Ella me respondió: «Quién sabe cuántas veces tú y yo, en tantos roles y disfraces diferentes, hemos estado juntos antes, y ahora nos volvemos a encontrar brevemente. Estas personalidades que tenemos son como disfraces que usamos para interpretar los papeles actuales que tenemos que actuar. Esta identidad presente tuya y mía son parte del disfraz».

Reflexioné sobre su respuesta. Y luego llamaron a nuestros respectivos vuelos, así que pensé que lo más probable es que nunca volvería a ver, a esta persona que durante casi una hora se había vuelto tan cercana. Y cuando nos separamos y nos deseábamos buen viaje, le dije: «A propósito, ¿cuál es tu número de serie, es decir, tu identificación real, para que cuando nos encontremos en otra vida, podamos recordar este momento de hoy?». Ella sonrió y siguiendo la broma respondió «es XYZ00000259v123, y estaré encantada de volver a verte».

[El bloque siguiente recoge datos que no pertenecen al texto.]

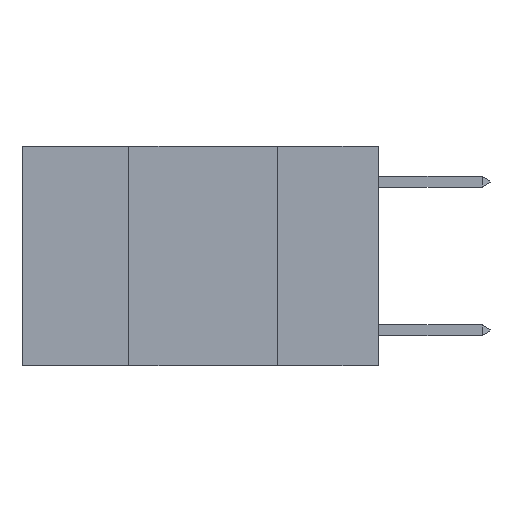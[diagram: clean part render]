
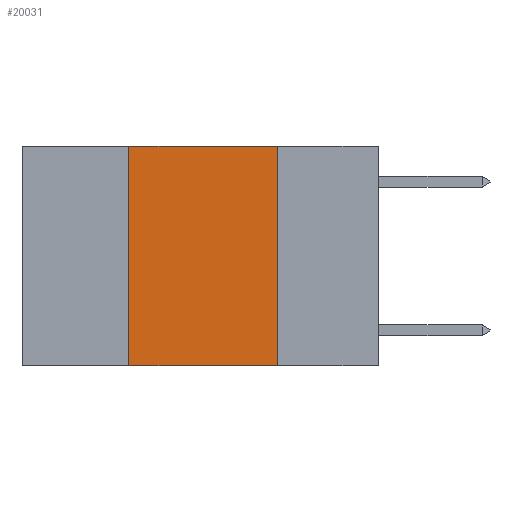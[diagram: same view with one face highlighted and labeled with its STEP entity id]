
A CAD part, left-side view. The second image highlights one B-rep face of the part: STEP entity #20031.
In plain terms, the highlighted planar face has unit normal (-1, 0, 0).
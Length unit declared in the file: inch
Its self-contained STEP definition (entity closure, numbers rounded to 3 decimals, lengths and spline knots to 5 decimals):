
#119 = VECTOR ( 'NONE', #129, 39.37008 ) ;
#129 = DIRECTION ( 'NONE',  ( 0., 0., -1. ) ) ;
#728 = VECTOR ( 'NONE', #14045, 39.37008 ) ;
#1055 = EDGE_CURVE ( 'NONE', #25642, #8159, #25193, .T. ) ;
#1142 = DIRECTION ( 'NONE',  ( 0., -1., 0. ) ) ;
#1438 = EDGE_CURVE ( 'NONE', #25642, #9622, #2395, .T. ) ;
#2395 = LINE ( 'NONE', #15379, #25228 ) ;
#4495 = LINE ( 'NONE', #19850, #119 ) ;
#4874 = VECTOR ( 'NONE', #1142, 39.37008 ) ;
#5247 = CARTESIAN_POINT ( 'NONE',  ( 0., 0.6, 0. ) ) ;
#5370 = CARTESIAN_POINT ( 'NONE',  ( 0., 0.17, 0. ) ) ;
#6416 = EDGE_CURVE ( 'NONE', #6522, #8159, #4495, .T. ) ;
#6522 = VERTEX_POINT ( 'NONE', #5370 ) ;
#7680 = CARTESIAN_POINT ( 'NONE',  ( 0., 0.6, -0.37 ) ) ;
#8159 = VERTEX_POINT ( 'NONE', #14492 ) ;
#9622 = VERTEX_POINT ( 'NONE', #27076 ) ;
#11375 = DIRECTION ( 'NONE',  ( 0., 0., 1. ) ) ;
#13024 = DIRECTION ( 'NONE',  ( 1., 0., 0. ) ) ;
#13822 = ORIENTED_EDGE ( 'NONE', *, *, #1438, .F. ) ;
#14045 = DIRECTION ( 'NONE',  ( 0., -1., 0. ) ) ;
#14492 = CARTESIAN_POINT ( 'NONE',  ( 0., 0.17, -0.37 ) ) ;
#15379 = CARTESIAN_POINT ( 'NONE',  ( 0., 0.42, 0. ) ) ;
#17513 = AXIS2_PLACEMENT_3D ( 'NONE', #19400, #13024, #28372 ) ;
#19074 = CARTESIAN_POINT ( 'NONE',  ( 0., 0.42, -0.37 ) ) ;
#19247 = PLANE ( 'NONE',  #17513 ) ;
#19400 = CARTESIAN_POINT ( 'NONE',  ( 0., 0.6, 0. ) ) ;
#19850 = CARTESIAN_POINT ( 'NONE',  ( 0., 0.17, 0. ) ) ;
#20031 = ADVANCED_FACE ( 'NONE', ( #21689 ), #19247, .F. ) ;
#20563 = LINE ( 'NONE', #5247, #728 ) ;
#21689 = FACE_OUTER_BOUND ( 'NONE', #22972, .T. ) ;
#21793 = ORIENTED_EDGE ( 'NONE', *, *, #25127, .F. ) ;
#22972 = EDGE_LOOP ( 'NONE', ( #26681, #21793, #13822, #26834 ) ) ;
#25127 = EDGE_CURVE ( 'NONE', #9622, #6522, #20563, .T. ) ;
#25193 = LINE ( 'NONE', #7680, #4874 ) ;
#25228 = VECTOR ( 'NONE', #11375, 39.37008 ) ;
#25642 = VERTEX_POINT ( 'NONE', #19074 ) ;
#26681 = ORIENTED_EDGE ( 'NONE', *, *, #6416, .F. ) ;
#26834 = ORIENTED_EDGE ( 'NONE', *, *, #1055, .T. ) ;
#27076 = CARTESIAN_POINT ( 'NONE',  ( 0., 0.42, 0. ) ) ;
#28372 = DIRECTION ( 'NONE',  ( 0., 0., -1. ) ) ;

Los amigos son almas que hemos conocido en otras vidas. Nos sentimos atraídos el uno por el otro. Así es como me siento con respecto a mis amigos. Incluso si solo los conozco desde hace un rato, no importa. No voy a esperar a conocerlos desde por años, porque, de todos modos, debemos habernos conocido en algún lugar antes, ya saben.